Stored data:
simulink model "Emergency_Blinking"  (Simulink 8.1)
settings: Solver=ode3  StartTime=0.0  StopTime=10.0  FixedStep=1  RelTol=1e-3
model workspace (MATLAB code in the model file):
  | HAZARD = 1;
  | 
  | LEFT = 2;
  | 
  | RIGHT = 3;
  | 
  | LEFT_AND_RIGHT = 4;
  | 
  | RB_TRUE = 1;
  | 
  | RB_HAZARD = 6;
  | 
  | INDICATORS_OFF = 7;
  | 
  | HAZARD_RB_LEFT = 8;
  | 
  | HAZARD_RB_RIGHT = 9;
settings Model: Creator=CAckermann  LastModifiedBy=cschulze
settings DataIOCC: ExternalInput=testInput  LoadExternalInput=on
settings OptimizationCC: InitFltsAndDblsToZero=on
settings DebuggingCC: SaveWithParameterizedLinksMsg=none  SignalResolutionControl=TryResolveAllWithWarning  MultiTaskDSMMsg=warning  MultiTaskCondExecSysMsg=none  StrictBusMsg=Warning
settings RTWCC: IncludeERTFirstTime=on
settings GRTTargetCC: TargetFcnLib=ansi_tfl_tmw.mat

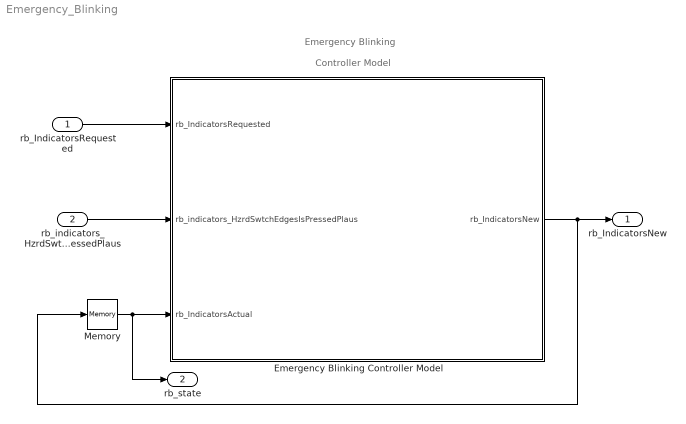
== system Emergency_Blinking ==
  note: Emergency Blinking
  note: Controller Model
  rb_IndicatorsRequested : Inport  OutDataTypeStr=double
  rb_indicators_HzrdSwtchEdgesIsPressedPlaus : Inport  Port=2  OutDataTypeStr=double
  Emergency Blinking Controller Model : Subsystem
  Memory : Memory  X0=7  InheritSampleTime=on
  rb_IndicatorsNew : Outport
  rb_state : Outport  Port=2
  wires:
  rb_IndicatorsRequested/1 -> Emergency Blinking Controller Model/1(rb_IndicatorsRequested)
  rb_indicators_HzrdSwtchEdgesIsPressedPlaus/1 -> Emergency Blinking Controller Model/2(rb_indicators_HzrdSwtchEdgesIsPressedPlaus)
  Emergency Blinking Controller Model/1(rb_IndicatorsNew) -> rb_IndicatorsNew/1, Memory/1
  Memory/1 -> Emergency Blinking Controller Model/3(rb_IndicatorsActual), rb_state/1

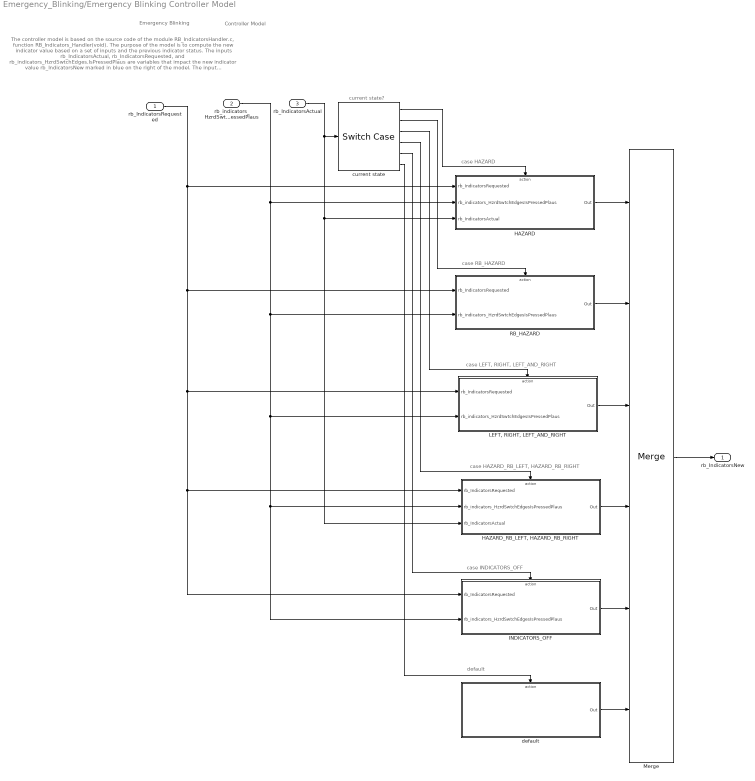
== system Emergency_Blinking/Emergency Blinking Controller Model ==
  note: case HAZARD
  note: case RB_HAZARD
  note: case LEFT, RIGHT, LEFT_AND_RIGHT
  note: case HAZARD_RB_LEFT, HAZARD_RB_RIGHT
  note: case INDICATORS_OFF
  note: default
  note: current state?
  note: The controller model is based on the source code of the module RB_IndicatorsHandler.c, function RB_Indicators_Handler(void).
      | The purpose of the model is to compute the new indicator value based on a set of inputs and the previous indicator status.
      | The inputs rb_IndicatorsActual, rb_IndicatorsRequested, and rb_indicators_HzrdSwtchEdges.IsPressedPlaus are variables that impact the new indicator
      | value rb_IndicatorsNew marked in blue on the right of the model. The input rb_IndicatorsActual is the indicator status of the previous
      | time step whereas rb_IndicatorsRequested and rb_indicators_HzrdSwtchEdges.IsPressedPlaus are values received via CAN.
  note: Emergency Blinking
  note: Controller Model
  rb_IndicatorsRequested : Inport  OutDataTypeStr=double
  rb_indicators_HzrdSwtchEdgesIsPressedPlaus : Inport  Port=2  OutDataTypeStr=double
  rb_IndicatorsActual : Inport  Port=3  OutDataTypeStr=double
  HAZARD : Subsystem  TreatAsAtomicUnit=on
  "HAZARD_RB_LEFT, HAZARD_RB_RIGHT" : Subsystem  TreatAsAtomicUnit=on
  INDICATORS_OFF : Subsystem  TreatAsAtomicUnit=on
  "LEFT, RIGHT, LEFT_AND_RIGHT" : Subsystem  TreatAsAtomicUnit=on
  Merge : Merge  Inputs=6
  RB_HAZARD : Subsystem  TreatAsAtomicUnit=on
  current state : SwitchCase  CaseConditions={HAZARD,RB_HAZARD,[LEFT,RIGHT,LEFT_AND_RIGHT],[HAZARD_RB_LEFT,HAZARD_RB_RIGHT],INDICATORS_OFF}
  default : Subsystem  TreatAsAtomicUnit=on
  rb_IndicatorsNew : Outport
  wires:
  current state/1 -> HAZARD/Action
  rb_IndicatorsActual/1 -> current state/1, HAZARD/3(rb_IndicatorsActual), "HAZARD_RB_LEFT, HAZARD_RB_RIGHT"/3(rb_IndicatorsActual)
  rb_indicators_HzrdSwtchEdgesIsPressedPlaus/1 -> HAZARD/2(rb_indicators_HzrdSwtchEdgesIsPressedPlaus), RB_HAZARD/2(rb_indicators_HzrdSwtchEdgesIsPressedPlaus), "LEFT, RIGHT, LEFT_AND_RIGHT"/2(rb_indicators_HzrdSwtchEdgesIsPressedPlaus), "HAZARD_RB_LEFT, HAZARD_RB_RIGHT"/2(rb_indicators_HzrdSwtchEdgesIsPressedPlaus), INDICATORS_OFF/2(rb_indicators_HzrdSwtchEdgesIsPressedPlaus)
  rb_IndicatorsRequested/1 -> HAZARD/1(rb_IndicatorsRequested), RB_HAZARD/1(rb_IndicatorsRequested), "LEFT, RIGHT, LEFT_AND_RIGHT"/1(rb_IndicatorsRequested), "HAZARD_RB_LEFT, HAZARD_RB_RIGHT"/1(rb_IndicatorsRequested), INDICATORS_OFF/1(rb_IndicatorsRequested)
  current state/2 -> RB_HAZARD/Action
  current state/3 -> "LEFT, RIGHT, LEFT_AND_RIGHT"/Action
  current state/4 -> "HAZARD_RB_LEFT, HAZARD_RB_RIGHT"/Action
  current state/5 -> INDICATORS_OFF/Action
  Merge/1 -> rb_IndicatorsNew/1
  HAZARD/1(Out) -> Merge/1
  RB_HAZARD/1(Out) -> Merge/2
  "LEFT, RIGHT, LEFT_AND_RIGHT"/1(Out) -> Merge/3
  "HAZARD_RB_LEFT, HAZARD_RB_RIGHT"/1(Out) -> Merge/4
  INDICATORS_OFF/1(Out) -> Merge/5
  current state/6 -> default/Action
  default/1(Out) -> Merge/6

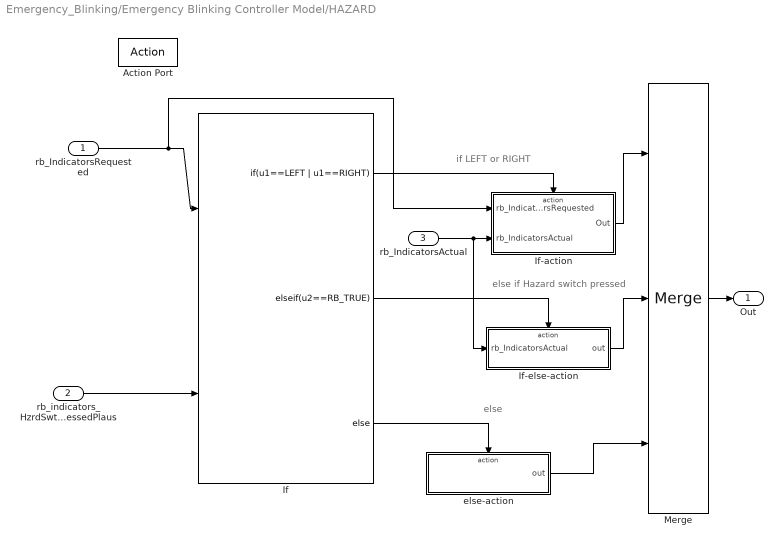
== system Emergency_Blinking/Emergency Blinking Controller Model/HAZARD ==
  note: if LEFT or RIGHT
  note: else if Hazard switch pressed
  note: else
  rb_IndicatorsRequested : Inport  OutDataTypeStr=double
  rb_indicators_HzrdSwtchEdgesIsPressedPlaus : Inport  Port=2  OutDataTypeStr=double
  rb_IndicatorsActual : Inport  Port=3  OutDataTypeStr=double
  Action Port : ActionPort  ActionType=case
  If : If  NumInputs=2  IfExpression=u1==LEFT | u1==RIGHT  ElseIfExpressions=u2==RB_TRUE
  If-action : Subsystem  TreatAsAtomicUnit=on
  If-else-action : Subsystem  TreatAsAtomicUnit=on
  Merge : Merge  Inputs=3
  else-action : Subsystem  TreatAsAtomicUnit=on
  Out : Outport
  wires:
  If/2 -> If-else-action/Action
  If/1 -> If-action/Action
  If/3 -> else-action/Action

Work instructions:
Return the records above verbatim, leaving out images.

Response to the task:
simulink model "Emergency_Blinking"  (Simulink 8.1)
settings: Solver=ode3  StartTime=0.0  StopTime=10.0  FixedStep=1  RelTol=1e-3
model workspace (MATLAB code in the model file):
  | HAZARD = 1;
  | 
  | LEFT = 2;
  | 
  | RIGHT = 3;
  | 
  | LEFT_AND_RIGHT = 4;
  | 
  | RB_TRUE = 1;
  | 
  | RB_HAZARD = 6;
  | 
  | INDICATORS_OFF = 7;
  | 
  | HAZARD_RB_LEFT = 8;
  | 
  | HAZARD_RB_RIGHT = 9;
settings Model: Creator=CAckermann  LastModifiedBy=cschulze
settings DataIOCC: ExternalInput=testInput  LoadExternalInput=on
settings OptimizationCC: InitFltsAndDblsToZero=on
settings DebuggingCC: SaveWithParameterizedLinksMsg=none  SignalResolutionControl=TryResolveAllWithWarning  MultiTaskDSMMsg=warning  MultiTaskCondExecSysMsg=none  StrictBusMsg=Warning
settings RTWCC: IncludeERTFirstTime=on
settings GRTTargetCC: TargetFcnLib=ansi_tfl_tmw.mat

== system Emergency_Blinking ==
  note: Emergency Blinking
  note: Controller Model
  rb_IndicatorsRequested : Inport  OutDataTypeStr=double
  rb_indicators_HzrdSwtchEdgesIsPressedPlaus : Inport  Port=2  OutDataTypeStr=double
  Emergency Blinking Controller Model : Subsystem
  Memory : Memory  X0=7  InheritSampleTime=on
  rb_IndicatorsNew : Outport
  rb_state : Outport  Port=2
  wires:
  rb_IndicatorsRequested/1 -> Emergency Blinking Controller Model/1(rb_IndicatorsRequested)
  rb_indicators_HzrdSwtchEdgesIsPressedPlaus/1 -> Emergency Blinking Controller Model/2(rb_indicators_HzrdSwtchEdgesIsPressedPlaus)
  Emergency Blinking Controller Model/1(rb_IndicatorsNew) -> rb_IndicatorsNew/1, Memory/1
  Memory/1 -> Emergency Blinking Controller Model/3(rb_IndicatorsActual), rb_state/1

== system Emergency_Blinking/Emergency Blinking Controller Model ==
  note: case HAZARD
  note: case RB_HAZARD
  note: case LEFT, RIGHT, LEFT_AND_RIGHT
  note: case HAZARD_RB_LEFT, HAZARD_RB_RIGHT
  note: case INDICATORS_OFF
  note: default
  note: current state?
  note: The controller model is based on the source code of the module RB_IndicatorsHandler.c, function RB_Indicators_Handler(void).
      | The purpose of the model is to compute the new indicator value based on a set of inputs and the previous indicator status.
      | The inputs rb_IndicatorsActual, rb_IndicatorsRequested, and rb_indicators_HzrdSwtchEdges.IsPressedPlaus are variables that impact the new indicator
      | value rb_IndicatorsNew marked in blue on the right of the model. The input rb_IndicatorsActual is the indicator status of the previous
      | time step whereas rb_IndicatorsRequested and rb_indicators_HzrdSwtchEdges.IsPressedPlaus are values received via CAN.
  note: Emergency Blinking
  note: Controller Model
  rb_IndicatorsRequested : Inport  OutDataTypeStr=double
  rb_indicators_HzrdSwtchEdgesIsPressedPlaus : Inport  Port=2  OutDataTypeStr=double
  rb_IndicatorsActual : Inport  Port=3  OutDataTypeStr=double
  HAZARD : Subsystem  TreatAsAtomicUnit=on
  "HAZARD_RB_LEFT, HAZARD_RB_RIGHT" : Subsystem  TreatAsAtomicUnit=on
  INDICATORS_OFF : Subsystem  TreatAsAtomicUnit=on
  "LEFT, RIGHT, LEFT_AND_RIGHT" : Subsystem  TreatAsAtomicUnit=on
  Merge : Merge  Inputs=6
  RB_HAZARD : Subsystem  TreatAsAtomicUnit=on
  current state : SwitchCase  CaseConditions={HAZARD,RB_HAZARD,[LEFT,RIGHT,LEFT_AND_RIGHT],[HAZARD_RB_LEFT,HAZARD_RB_RIGHT],INDICATORS_OFF}
  default : Subsystem  TreatAsAtomicUnit=on
  rb_IndicatorsNew : Outport
  wires:
  current state/1 -> HAZARD/Action
  rb_IndicatorsActual/1 -> current state/1, HAZARD/3(rb_IndicatorsActual), "HAZARD_RB_LEFT, HAZARD_RB_RIGHT"/3(rb_IndicatorsActual)
  rb_indicators_HzrdSwtchEdgesIsPressedPlaus/1 -> HAZARD/2(rb_indicators_HzrdSwtchEdgesIsPressedPlaus), RB_HAZARD/2(rb_indicators_HzrdSwtchEdgesIsPressedPlaus), "LEFT, RIGHT, LEFT_AND_RIGHT"/2(rb_indicators_HzrdSwtchEdgesIsPressedPlaus), "HAZARD_RB_LEFT, HAZARD_RB_RIGHT"/2(rb_indicators_HzrdSwtchEdgesIsPressedPlaus), INDICATORS_OFF/2(rb_indicators_HzrdSwtchEdgesIsPressedPlaus)
  rb_IndicatorsRequested/1 -> HAZARD/1(rb_IndicatorsRequested), RB_HAZARD/1(rb_IndicatorsRequested), "LEFT, RIGHT, LEFT_AND_RIGHT"/1(rb_IndicatorsRequested), "HAZARD_RB_LEFT, HAZARD_RB_RIGHT"/1(rb_IndicatorsRequested), INDICATORS_OFF/1(rb_IndicatorsRequested)
  current state/2 -> RB_HAZARD/Action
  current state/3 -> "LEFT, RIGHT, LEFT_AND_RIGHT"/Action
  current state/4 -> "HAZARD_RB_LEFT, HAZARD_RB_RIGHT"/Action
  current state/5 -> INDICATORS_OFF/Action
  Merge/1 -> rb_IndicatorsNew/1
  HAZARD/1(Out) -> Merge/1
  RB_HAZARD/1(Out) -> Merge/2
  "LEFT, RIGHT, LEFT_AND_RIGHT"/1(Out) -> Merge/3
  "HAZARD_RB_LEFT, HAZARD_RB_RIGHT"/1(Out) -> Merge/4
  INDICATORS_OFF/1(Out) -> Merge/5
  current state/6 -> default/Action
  default/1(Out) -> Merge/6

== system Emergency_Blinking/Emergency Blinking Controller Model/HAZARD ==
  note: if LEFT or RIGHT
  note: else if Hazard switch pressed
  note: else
  rb_IndicatorsRequested : Inport  OutDataTypeStr=double
  rb_indicators_HzrdSwtchEdgesIsPressedPlaus : Inport  Port=2  OutDataTypeStr=double
  rb_IndicatorsActual : Inport  Port=3  OutDataTypeStr=double
  Action Port : ActionPort  ActionType=case
  If : If  NumInputs=2  IfExpression=u1==LEFT | u1==RIGHT  ElseIfExpressions=u2==RB_TRUE
  If-action : Subsystem  TreatAsAtomicUnit=on
  If-else-action : Subsystem  TreatAsAtomicUnit=on
  Merge : Merge  Inputs=3
  else-action : Subsystem  TreatAsAtomicUnit=on
  Out : Outport
  wires:
  If/2 -> If-else-action/Action
  If/1 -> If-action/Action
  If/3 -> else-action/Action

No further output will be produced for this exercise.